Я была́ о́чень впечатлена от посо́ла, и честно я могла́ понима́ть его́ лу́чше чем носи́телем языка́. Он говори́т ме́дленный и я́сно. как должно.

----------


## it-ogo

> Я была́ о́чень впечатлена послом, и, честно говоря, я смогла понять (or поняла) его́ лу́чше чем носи́телей языка́. Он говори́т ме́дленно и я́сно. Как должно.

 Это всегда так. Говорить на неродном языке гораздо проще с теми, для кого этот язык тоже неродной. Международный английский я понимаю гораздо лучше, чем американский, или британский. Не говоря уже об австралийском.

----------


## zxc

> Не говоря уже об австралийском.

 Australian pronunciation can really be awful (sorry to any of you Australian users!).  As an American, sometimes I can't even understand them.  It's not so much the way they pronounce their sounds, it's the way they completely omit so many of them in speech.  Of course, there's reduction in every language, but Australians really take it to a whole new level.

----------


## Valda

По-мо́ему э́то зави́сит к хоро́шему произноше́нию (enunciation), и не обяза́тельно к ме́сту рожде́нию. 
Спаси́бо для погребко́в  ::

----------


## Lampada

> По-мо́ему э́то зави́сит к хоро́шему произноше́нию (enunciation), и не обяза́тельно к ме́сту рожде́нию. 
> Спаси́бо для погребко́в

 
По-мо́ему*,*э́то *зави́сит от* хоро́шего произноше́ния, и необяза́тельно* от* ме́ста рожде́ния.

----------


## Hanna

I think everybody is pleasantly surprised to hear native English speakers master a foreign language, including their own.

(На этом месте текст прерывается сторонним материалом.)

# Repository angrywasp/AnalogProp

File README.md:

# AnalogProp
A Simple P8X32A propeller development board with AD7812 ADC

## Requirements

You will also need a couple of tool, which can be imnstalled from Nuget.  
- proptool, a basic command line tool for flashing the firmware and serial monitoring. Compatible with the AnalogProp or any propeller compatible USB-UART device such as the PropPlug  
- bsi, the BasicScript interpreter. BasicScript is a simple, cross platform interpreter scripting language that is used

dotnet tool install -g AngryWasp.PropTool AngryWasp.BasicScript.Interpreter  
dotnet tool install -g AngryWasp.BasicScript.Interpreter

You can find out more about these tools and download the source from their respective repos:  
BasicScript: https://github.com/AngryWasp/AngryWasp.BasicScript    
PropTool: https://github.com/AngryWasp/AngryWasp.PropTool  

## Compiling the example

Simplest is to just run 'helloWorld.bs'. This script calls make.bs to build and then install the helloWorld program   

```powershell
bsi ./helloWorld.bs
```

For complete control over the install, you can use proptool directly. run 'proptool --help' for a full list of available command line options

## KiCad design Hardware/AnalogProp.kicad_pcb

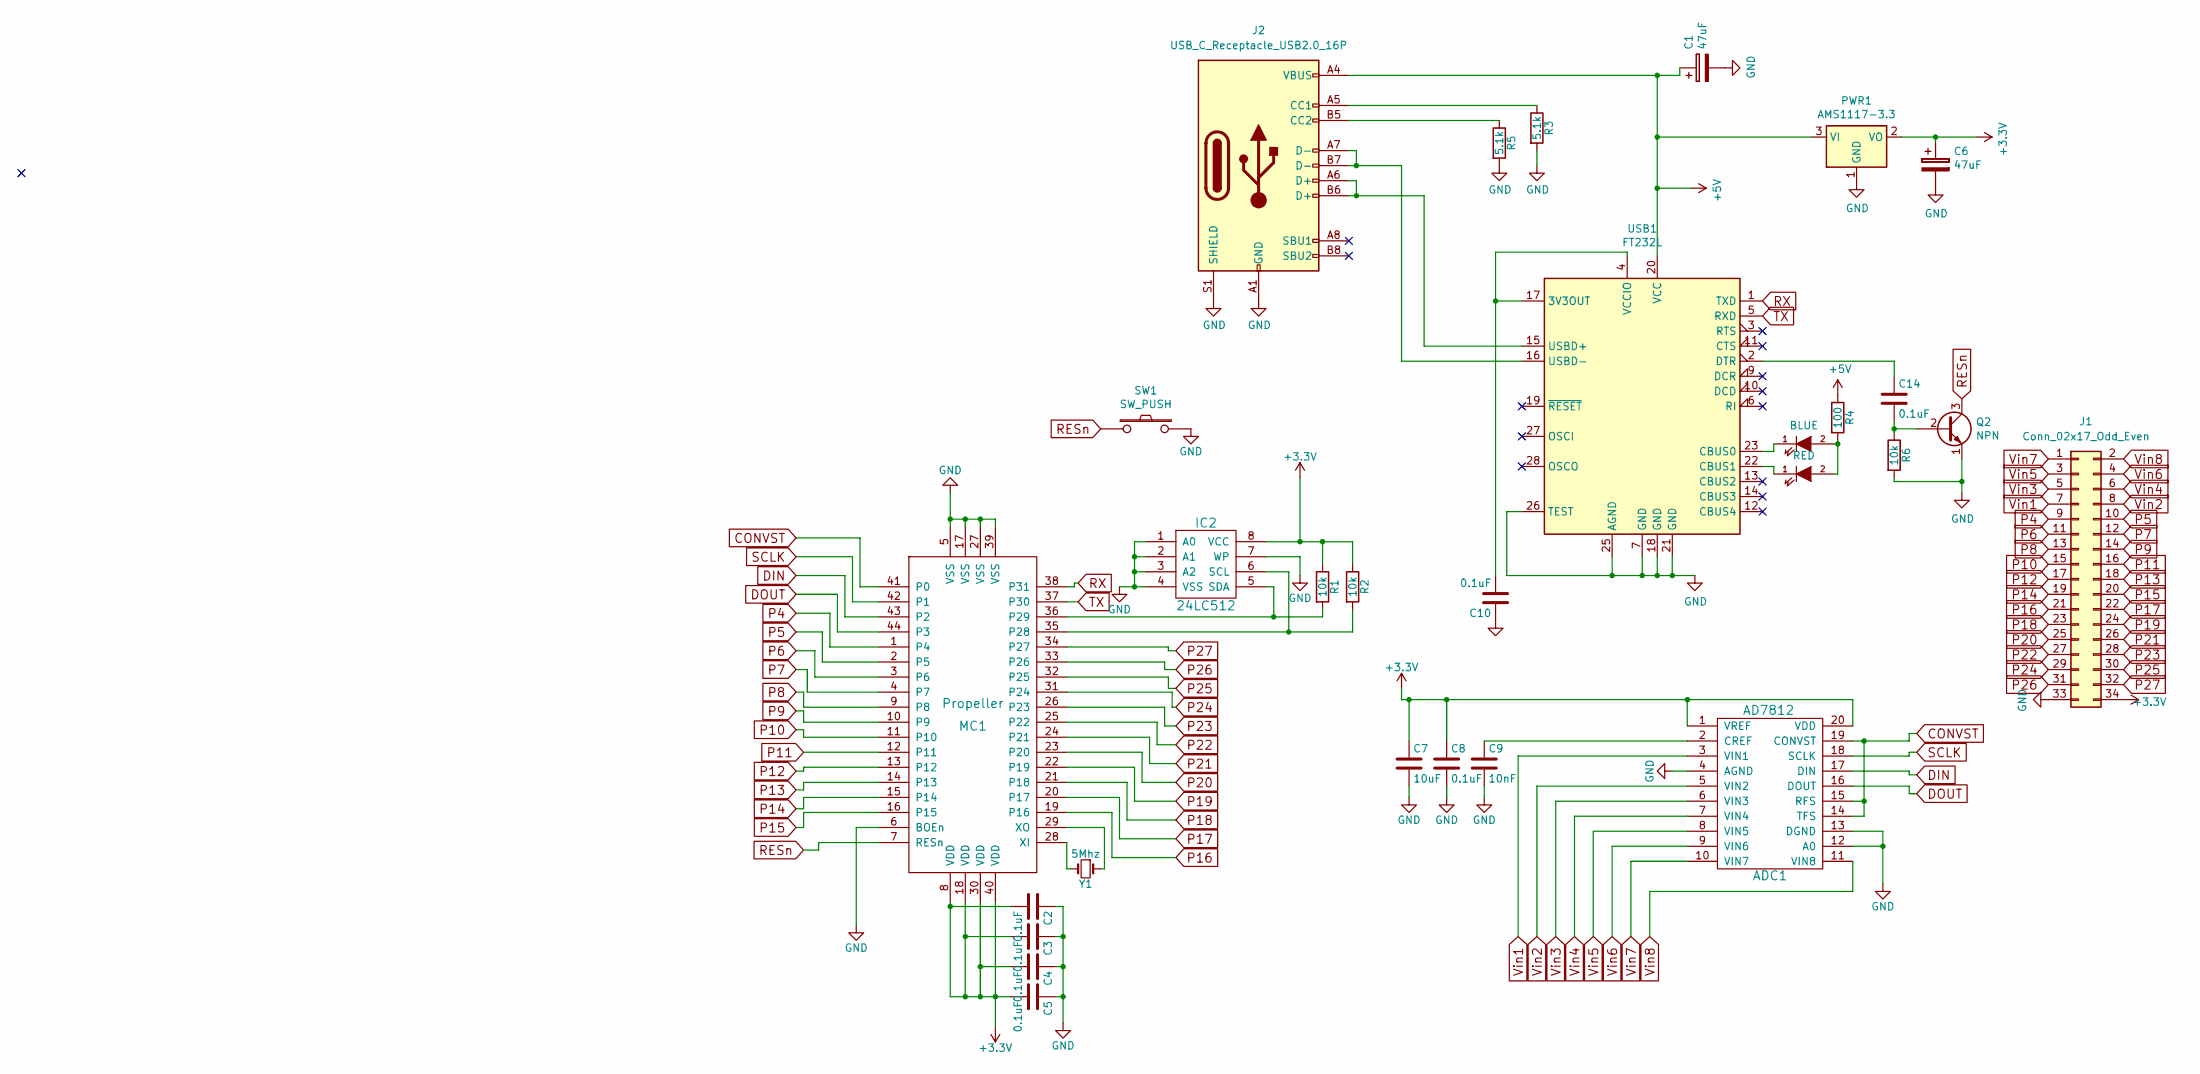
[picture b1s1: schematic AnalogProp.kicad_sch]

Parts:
ADC1: AD7812
C1, C6: 47uF; CP_Elec_5x5.4
C2, C3, C4, C5, C8, C10, C14: 0.1uF; 0805_HS
C7: 10uF; 0805_HS
C9: 10nF; 0805_HS
D2: BLUE; LED_0805_HS
D3: RED; LED_0805_HS
IC2: 24LC512; 24LC512-W
J1: Conn_02x17_Odd_Even; PinHeader_2x17_P2.54mm_Vertical
J2: USB_C_Receptacle_USB2.0_16P; USB_C_Receptacle_G-Switch_GT-USB-7010ASV
MC1: Propeller; P8X32A
PWR1: AMS1117-3.3; SOT-223
Q2: NPN; SOT-23_HS
R1, R2, R6: 10k; 0805_HS
R3, R5: 5.1k; 0805_HS
R4: 100; 0805_HS
SW1: SW_PUSH; SW_SPST
USB1: FT232L; SSOP-28_5.3x10.2mm_P0.65mm
Y1: 5Mhz; XTAL-2

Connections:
+3.3V: ADC1.1 (VREF), ADC1.20 (VDD), C2.2, C3.2, C4.2, C5.2, C6.1, C7.1, C8.1, IC2.8 (VCC), J1.34, MC1.8 (VDD), MC1.18 (VDD), MC1.30 (VDD), MC1.40 (VDD), PWR1.2 (VO), R1.1, R2.1
+5V: C1.1, J2.A4 (VBUS), J2.A9 (VBUS), J2.B4 (VBUS), J2.B9 (VBUS), PWR1.3 (VI), R4.1, USB1.20 (VCC)
CONVST: ADC1.14 (TFS), ADC1.15 (RFS), ADC1.19 (CONVST), MC1.41 (P0)
DIN: ADC1.17 (DIN), MC1.43 (P2)
DOUT: ADC1.16 (DOUT), MC1.44 (P3)
GND: ADC1.4 (AGND), ADC1.12 (A0), ADC1.13 (DGND), C1.2, C2.1, C3.1, C4.1, C5.1, C6.2, C7.2, C8.2, C9.2, C10.1, IC2.1 (A0), IC2.2 (A1), IC2.3 (A2), IC2.4 (VSS), IC2.7 (WP), J1.33, J2.A1 (GND), J2.A12 (GND), J2.B1 (GND), J2.B12 (GND), J2.S1 (SHIELD), MC1.5 (VSS), MC1.6 (BOEn), MC1.17 (VSS), MC1.27 (VSS), MC1.39 (VSS), PWR1.1 (GND), Q2.1 (E), R3.2, R5.2, R6.2, SW1.2, USB1.7 (GND), USB1.18 (GND), USB1.21 (GND), USB1.25 (AGND), USB1.26 (TEST)
unnamed: ADC1.2 (CREF), C9.1
unnamed: D2.2 (A), D3.2 (A), R4.2
unnamed: D2.1 (K), USB1.23 (CBUS0)
unnamed: D3.1 (K), USB1.22 (CBUS1)
unnamed: IC2.6 (SCL), MC1.35 (P28), R2.2
unnamed: IC2.5 (SDA), MC1.36 (P29), R1.2
unnamed: J2.A5 (CC1), R3.1
unnamed: J2.B5 (CC2), R5.1
unnamed: MC1.28 (XI), Y1.2
unnamed: MC1.29 (XO), Y1.1
unnamed: C14.2, Q2.2 (B), R6.1
unnamed: C10.2, USB1.4 (VCCIO), USB1.17 (3V3OUT)
unnamed: C14.1, USB1.2 (DTR)
unnamed: J2.A6 (D+), J2.B6 (D+), USB1.15 (USBD+)
unnamed: J2.A7 (D-), J2.B7 (D-), USB1.16 (USBD-)
P4: J1.9, MC1.1 (P4)
P5: J1.10, MC1.2 (P5)
P6: J1.11, MC1.3 (P6)
P7: J1.12, MC1.4 (P7)
P8: J1.13, MC1.9 (P8)
P9: J1.14, MC1.10 (P9)
P10: J1.15, MC1.11 (P10)
P11: J1.16, MC1.12 (P11)
P12: J1.17, MC1.13 (P12)
P13: J1.18, MC1.14 (P13)
P14: J1.19, MC1.15 (P14)
P15: J1.20, MC1.16 (P15)
P16: J1.21, MC1.19 (P16)
P17: J1.22, MC1.20 (P17)
P18: J1.23, MC1.21 (P18)
P19: J1.24, MC1.22 (P19)
P20: J1.25, MC1.23 (P20)
P21: J1.26, MC1.24 (P21)
P22: J1.27, MC1.25 (P22)
P23: J1.28, MC1.26 (P23)
P24: J1.29, MC1.31 (P24)
P25: J1.30, MC1.32 (P25)
P26: J1.31, MC1.33 (P26)
P27: J1.32, MC1.34 (P27)
RESn: MC1.7 (RESn), Q2.3 (C), SW1.1
RX: MC1.38 (P31), USB1.1 (TXD)
SCLK: ADC1.18 (SCLK), MC1.42 (P1)
TX: MC1.37 (P30), USB1.5 (RXD)
Vin1: ADC1.3 (VIN1), J1.7
Vin2: ADC1.5 (VIN2), J1.8
Vin3: ADC1.6 (VIN3), J1.5
Vin4: ADC1.7 (VIN4), J1.6
Vin5: ADC1.8 (VIN5), J1.3
Vin6: ADC1.9 (VIN6), J1.4
Vin7: ADC1.10 (VIN7), J1.1
Vin8: ADC1.11 (VIN8), J1.2

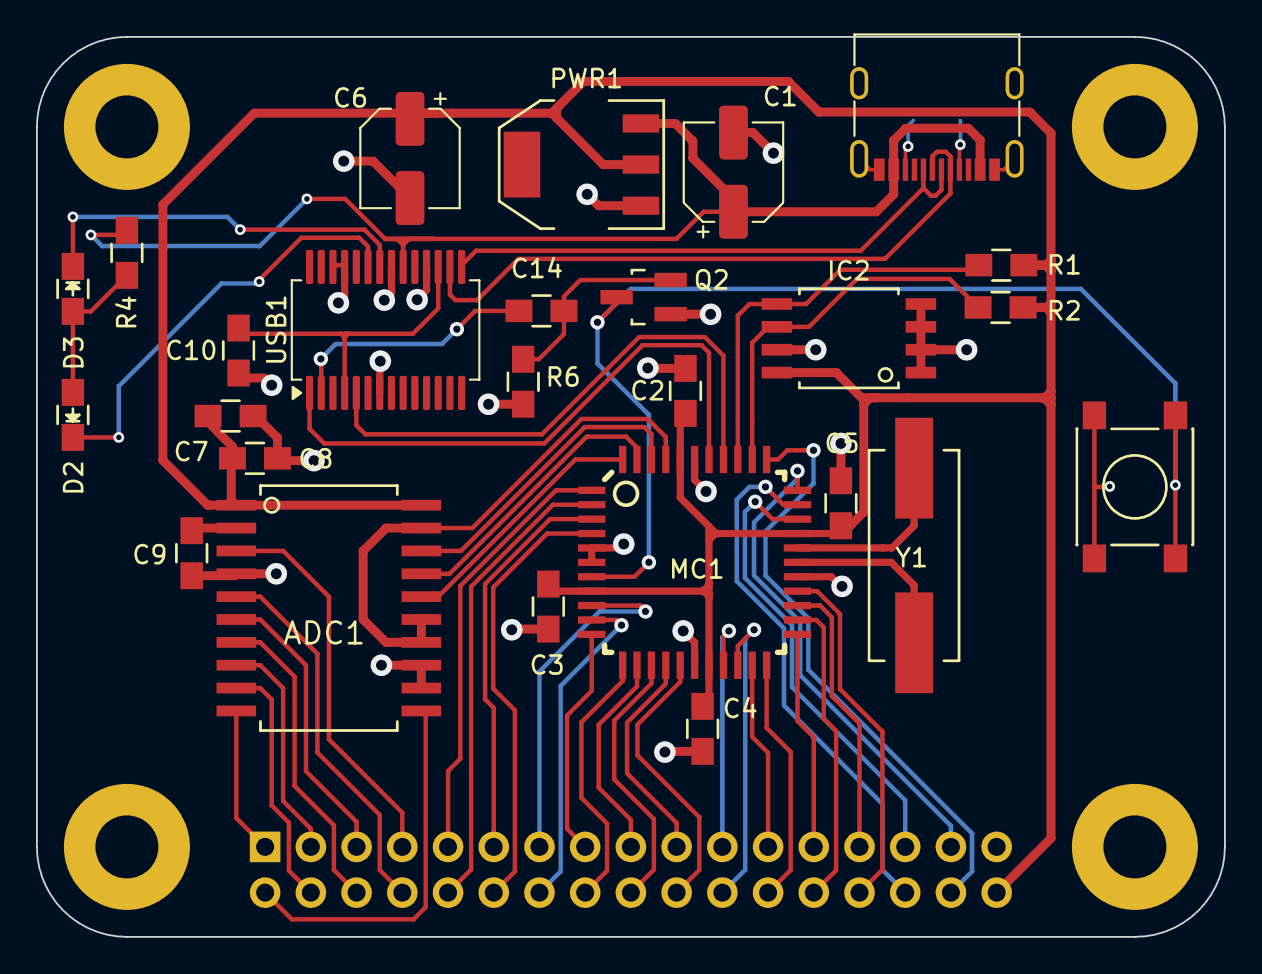
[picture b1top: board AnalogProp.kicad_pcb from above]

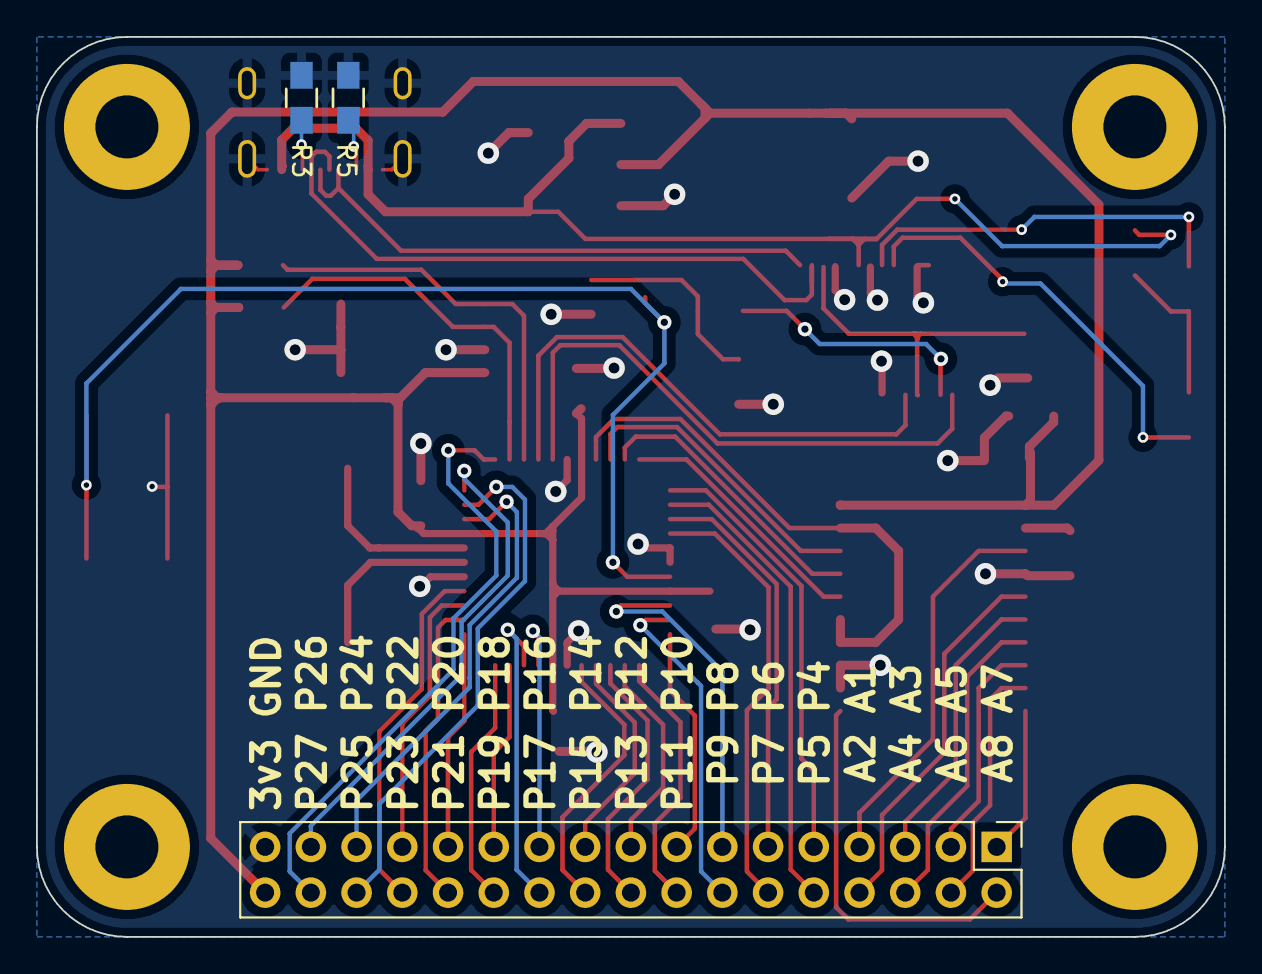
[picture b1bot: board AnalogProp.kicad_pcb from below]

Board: 2 copper layers, 66.0 x 50.0 mm, 29 parts (3 on the bottom side), 57 nets.

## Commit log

2026-05-19 Simplify build and update readme
2026-05-19 Remove GCC as a submodule

It is well known that native English speakers don't usually have the same motivation to learn a foreign language. As a result only those who are genuinely interested and motivated even get as far as a half decent level of fluency... It is different for people who more or less have to learn English as a foreign language.  It would probably be quite a novelty in Russia, to hear an American speak good Russian! Or an English person. I know an American who lives in London now, but lived in Moscow for 3 years before moving there. He only learnt a few words of Russian during this period, and said it was "impossible". He worked in banking and I suppose he was able to get by in English at work.   I have noticed that American and British accents sound quite different in Swedish and in French.  The British accent is less characteristic and could be mistaken for something else unless the person isn't very obviously British.  The American  accent is much more obvious since American English has some rather unique sounds that makes it stand out.   But there are exceptions - I once heard an American speak beautiful French with only a very faint accent - obviously he'd made a big effort.  * Americans are usually outgoing and and friendly, so accent or no accent - that helps to make a positive impression!*

----------


## Ann

> American speaking Russian is quite rare phenomenon.  American speaking grammatically correct Russian is very-very rare phenomenon. So I can say more or less what is heavy American accent in Russian but have no idea what is light American accent.

 Can you really tell that the accent is "American" as opposed to just "foreign"?  ::

----------


## it-ogo

> Can you really tell that the accent is "American" as opposed to just "foreign"?

 Well, I definitely can distinguish it from, let us say, Chinese accent. (Unless, maybe, both of them are used simultaneously.  ::  ) Or some others.

----------


## Shady_arc

> Can you really tell that the accent is "American" as opposed to just "foreign"?

 Maybe not specifically American, but I'd say it's pretty easy to recognize an accent as English. The language has a rather atypical collection of sounds. For example, could you find that many examples of languages that have the same R,T,D, "er" sounds? Any, among popular languages, please  :: . And that pounding rhythm typical of English speech, but foreign for Russian or, say, Japanese.

----------